Doctor of Law, Professor of Department of international private, commercial and civil law
of Kyiv National University of Trade and Economics
LIABILITY FOR VIOLATION OF MONEY OBLIGATION:
THE GUARANTEES OF JUSTICE
Background. Peculiarities of various remedy mainly determined by the subject, content of violated relationships and legal status of their participants. Only proper consideration of these factors in totality, combined with the observance of the fundamental postulates of the rule of law can provide high efficiency of the legal mechanism for regulation civil relations, including those arising from the application of liability for breach of monetary obligations.
Analysis of recent researches and publications. The issue of liability for breach of money obligation is now the subject of lively scientific debate. However this context is not usually comprise some important aspects related to the recognition or denying the possibility of introducing special mechanism for applying sanctions under art. 625 Civil Code of Ukraine (inflation losses compensation and payment three percents per annum) given special legal status of consumer as probable debtor, practice of the European Court of Human Rights and requirements of justice and rule of law.
The aim of the presented paper is to determine the guarantees of observing the principle of justice in the application of liability under art. 625 Civil Code of Ukraine in relations with participation of consumers and in the case of improper performance of debtor obligation arising from the judgment about damages.

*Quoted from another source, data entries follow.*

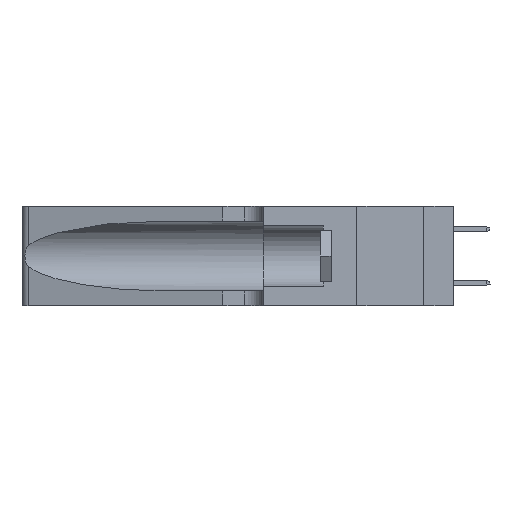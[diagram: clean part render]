
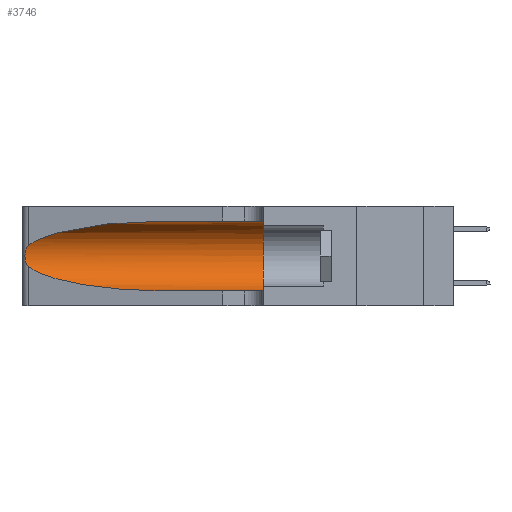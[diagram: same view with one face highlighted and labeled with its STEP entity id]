
A CAD part, left-side view. The second image highlights one B-rep face of the part: STEP entity #3746.
In plain terms, the highlighted cylindrical face has radius 3.308 mm (diameter 6.617 mm), a partial arc.
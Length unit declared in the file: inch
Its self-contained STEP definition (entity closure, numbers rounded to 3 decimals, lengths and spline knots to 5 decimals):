
#322 = VERTEX_POINT ( 'NONE', #23474 ) ;
#559 = FACE_OUTER_BOUND ( 'NONE', #12341, .T. ) ;
#1656 = CARTESIAN_POINT ( 'NONE',  ( 0.2373, 1.15595, 0.28018 ) ) ;
#1780 = CARTESIAN_POINT ( 'NONE',  ( 0.25487, 1.22718, 0.22369 ) ) ;
#2440 = DIRECTION ( 'NONE',  ( 0., -1., 0. ) ) ;
#2691 = DIRECTION ( 'NONE',  ( 0., -1., 0. ) ) ;
#2859 = VERTEX_POINT ( 'NONE', #20946 ) ;
#3053 = DIRECTION ( 'NONE',  ( 0., -1., 0. ) ) ;
#3670 = ORIENTED_EDGE ( 'NONE', *, *, #17473, .F. ) ;
#3712 = CARTESIAN_POINT ( 'NONE',  ( 0.1305, 0.35, 0.31525 ) ) ;
#3744 = CARTESIAN_POINT ( 'NONE',  ( 0.25555, 1.22993, 0.14849 ) ) ;
#3746 = ADVANCED_FACE ( 'NONE', ( #559 ), #18620, .F. ) ;
#3867 = CARTESIAN_POINT ( 'NONE',  ( 0.26017, 1.23833, 0.17102 ) ) ;
#4037 = CARTESIAN_POINT ( 'NONE',  ( 0.1305, 0.35, 0.185 ) ) ;
#4944 = CARTESIAN_POINT ( 'NONE',  ( 0.1305, 1.61858, 0.185 ) ) ;
#5241 = CARTESIAN_POINT ( 'NONE',  ( 0.18966, 0.96281, 0.05475 ) ) ;
#5490 = CARTESIAN_POINT ( 'NONE',  ( 0.2373, 1.15595, 0.08982 ) ) ;
#5898 = VECTOR ( 'NONE', #3053, 39.37008 ) ;
#6665 = VERTEX_POINT ( 'NONE', #9606 ) ;
#7419 = ORIENTED_EDGE ( 'NONE', *, *, #17714, .T. ) ;
#7456 = CARTESIAN_POINT ( 'NONE',  ( 0.25487, 1.22718, 0.22369 ) ) ;
#7957 = EDGE_CURVE ( 'NONE', #8869, #9725, #14472, .T. ) ;
#8047 = VERTEX_POINT ( 'NONE', #12117 ) ;
#8216 = ORIENTED_EDGE ( 'NONE', *, *, #12730, .T. ) ;
#8869 = VERTEX_POINT ( 'NONE', #3712 ) ;
#9304 = CARTESIAN_POINT ( 'NONE',  ( 0.25487, 1.22718, 0.14631 ) ) ;
#9606 = CARTESIAN_POINT ( 'NONE',  ( 0.25487, 1.22718, 0.22369 ) ) ;
#9704 = CARTESIAN_POINT ( 'NONE',  ( 0.25854, 1.2359, 0.20912 ) ) ;
#9725 = VERTEX_POINT ( 'NONE', #10097 ) ;
#9794 = ORIENTED_EDGE ( 'NONE', *, *, #14642, .T. ) ;
#10097 = CARTESIAN_POINT ( 'NONE',  ( 0.1305, 0.35, 0.05475 ) ) ;
#10253 = ORIENTED_EDGE ( 'NONE', *, *, #7957, .F. ) ;
#11727 = CARTESIAN_POINT ( 'NONE',  ( 0.1305, 0.72297, 0.05475 ) ) ;
#11820 = CARTESIAN_POINT ( 'NONE',  ( 0.25555, 1.22994, 0.2215 ) ) ;
#12117 = CARTESIAN_POINT ( 'NONE',  ( 0.1305, 0.72297, 0.31525 ) ) ;
#12341 = EDGE_LOOP ( 'NONE', ( #9794, #7419, #8216, #17374, #10253, #3670 ) ) ;
#12730 = EDGE_CURVE ( 'NONE', #2859, #322, #19385, .T. ) ;
#12887 = DIRECTION ( 'NONE',  ( 0., 0., -1. ) ) ;
#13441 = CARTESIAN_POINT ( 'NONE',  ( 0.18966, 0.96281, 0.31525 ) ) ;
#13535 = CARTESIAN_POINT ( 'NONE',  ( 0.26075, 1.23896, 0.178 ) ) ;
#14472 = CIRCLE ( 'NONE', #17881, 0.13025 ) ;
#14642 = EDGE_CURVE ( 'NONE', #8047, #6665, #20385, .T. ) ;
#15579 = CARTESIAN_POINT ( 'NONE',  ( 0.1305, 0.72297, 0.31525 ) ) ;
#15656 = VECTOR ( 'NONE', #2440, 39.37008 ) ;
#15810 = CARTESIAN_POINT ( 'NONE',  ( 0.25639, 1.23184, 0.21858 ) ) ;
#16500 = CARTESIAN_POINT ( 'NONE',  ( 0.1305, 1.61858, 0.31525 ) ) ;
#16745 = EDGE_CURVE ( 'NONE', #322, #9725, #16990, .T. ) ;
#16990 = LINE ( 'NONE', #24704, #5898 ) ;
#17374 = ORIENTED_EDGE ( 'NONE', *, *, #16745, .T. ) ;
#17473 = EDGE_CURVE ( 'NONE', #8047, #8869, #20624, .T. ) ;
#17702 = B_SPLINE_CURVE_WITH_KNOTS ( 'NONE', 3,
 ( #7456, #11820, #15810, #23539, #9704, #17806, #22060, #13535, #3867, #21807, #21662, #19942, #3744, #9304 ),
 .UNSPECIFIED., .F., .F.,
 ( 4, 2, 2, 2, 2, 2, 4 ),
 ( 0., 0.00027, 0.00053, 0.00107, 0.0016, 0.00187, 0.00214 ),
 .UNSPECIFIED. ) ;
#17714 = EDGE_CURVE ( 'NONE', #6665, #2859, #17702, .T. ) ;
#17806 = CARTESIAN_POINT ( 'NONE',  ( 0.26018, 1.23835, 0.19895 ) ) ;
#17881 = AXIS2_PLACEMENT_3D ( 'NONE', #4037, #23960, #17970 ) ;
#17970 = DIRECTION ( 'NONE',  ( 0., 0., 1. ) ) ;
#18620 = CYLINDRICAL_SURFACE ( 'NONE', #21040, 0.13025 ) ;
#19385 =( BOUNDED_CURVE ( )  B_SPLINE_CURVE ( 3, ( #25682, #5490, #5241, #11727 ),
 .UNSPECIFIED., .F., .T. ) 
 B_SPLINE_CURVE_WITH_KNOTS ( ( 4, 4 ),
 ( 3.44316, 4.71239 ),
 .UNSPECIFIED. ) 
 CURVE ( )  GEOMETRIC_REPRESENTATION_ITEM ( )  RATIONAL_B_SPLINE_CURVE ( ( 1., 0.87, 0.87, 1. ) ) 
 REPRESENTATION_ITEM ( '' )  );
#19942 = CARTESIAN_POINT ( 'NONE',  ( 0.25639, 1.23186, 0.15144 ) ) ;
#20385 =( BOUNDED_CURVE ( )  B_SPLINE_CURVE ( 3, ( #15579, #13441, #1656, #1780 ),
 .UNSPECIFIED., .F., .T. ) 
 B_SPLINE_CURVE_WITH_KNOTS ( ( 4, 4 ),
 ( 1.5708, 2.84003 ),
 .UNSPECIFIED. ) 
 CURVE ( )  GEOMETRIC_REPRESENTATION_ITEM ( )  RATIONAL_B_SPLINE_CURVE ( ( 1., 0.87, 0.87, 1. ) ) 
 REPRESENTATION_ITEM ( '' )  );
#20624 = LINE ( 'NONE', #16500, #15656 ) ;
#20946 = CARTESIAN_POINT ( 'NONE',  ( 0.25487, 1.22718, 0.14631 ) ) ;
#21040 = AXIS2_PLACEMENT_3D ( 'NONE', #4944, #2691, #12887 ) ;
#21662 = CARTESIAN_POINT ( 'NONE',  ( 0.25789, 1.23486, 0.15765 ) ) ;
#21807 = CARTESIAN_POINT ( 'NONE',  ( 0.25856, 1.23593, 0.16098 ) ) ;
#22060 = CARTESIAN_POINT ( 'NONE',  ( 0.26075, 1.23896, 0.19203 ) ) ;
#23474 = CARTESIAN_POINT ( 'NONE',  ( 0.1305, 0.72297, 0.05475 ) ) ;
#23539 = CARTESIAN_POINT ( 'NONE',  ( 0.25787, 1.23484, 0.2124 ) ) ;
#23960 = DIRECTION ( 'NONE',  ( 0., 1., 0. ) ) ;
#24704 = CARTESIAN_POINT ( 'NONE',  ( 0.1305, 1.61858, 0.05475 ) ) ;
#25682 = CARTESIAN_POINT ( 'NONE',  ( 0.25487, 1.22718, 0.14631 ) ) ;

Results. Even in the absence of special rules, in the view of implementation the principles of fairness, reasonableness and good faith as primary task of justice, the national courts should reject any attempt to impose on consumers clearly excessive, unfair property sanctions.
There is important to consider that established in the Law of Ukraine «On consumer credit» restrictions haven’t a general nature and therefore not directly applicable to other types of consumer relations. Moreover, the same rule about the maximum amount of fines does not eliminate the problem of determining the total liability of the debtor while simultaneous application the penalty and interests per annum.
As effective (and therefore applicable by virtue of direct effect of the principle of reasonableness) remedy that is able to prevent deterioration of the moral status of the victim and to keep the actual value of the awarded compensation can be recognized debtor’s obligation to pay interests per annum and inflation losses caused by delay in payment compensation for inflicted to creditor material and moral damage.
Conclusion. It is appropriate to set in domestic legislation alternative nature of the two kinds of content related compensation and property sanctions – with the ability to recover from the debtor either established in the contract penalties (with formulating the presumption of choice by the parties of this method of protection, if such agreement is not afflict consumer’s rights compared to the possibility of recover inflationary losses and statuary interests), or directly sanctions under art. 625 Civil Code of Ukraine.
Keywords: monetary obligation, liability, justice, penalty, interests per annum, consumer, European Court of Human Rights.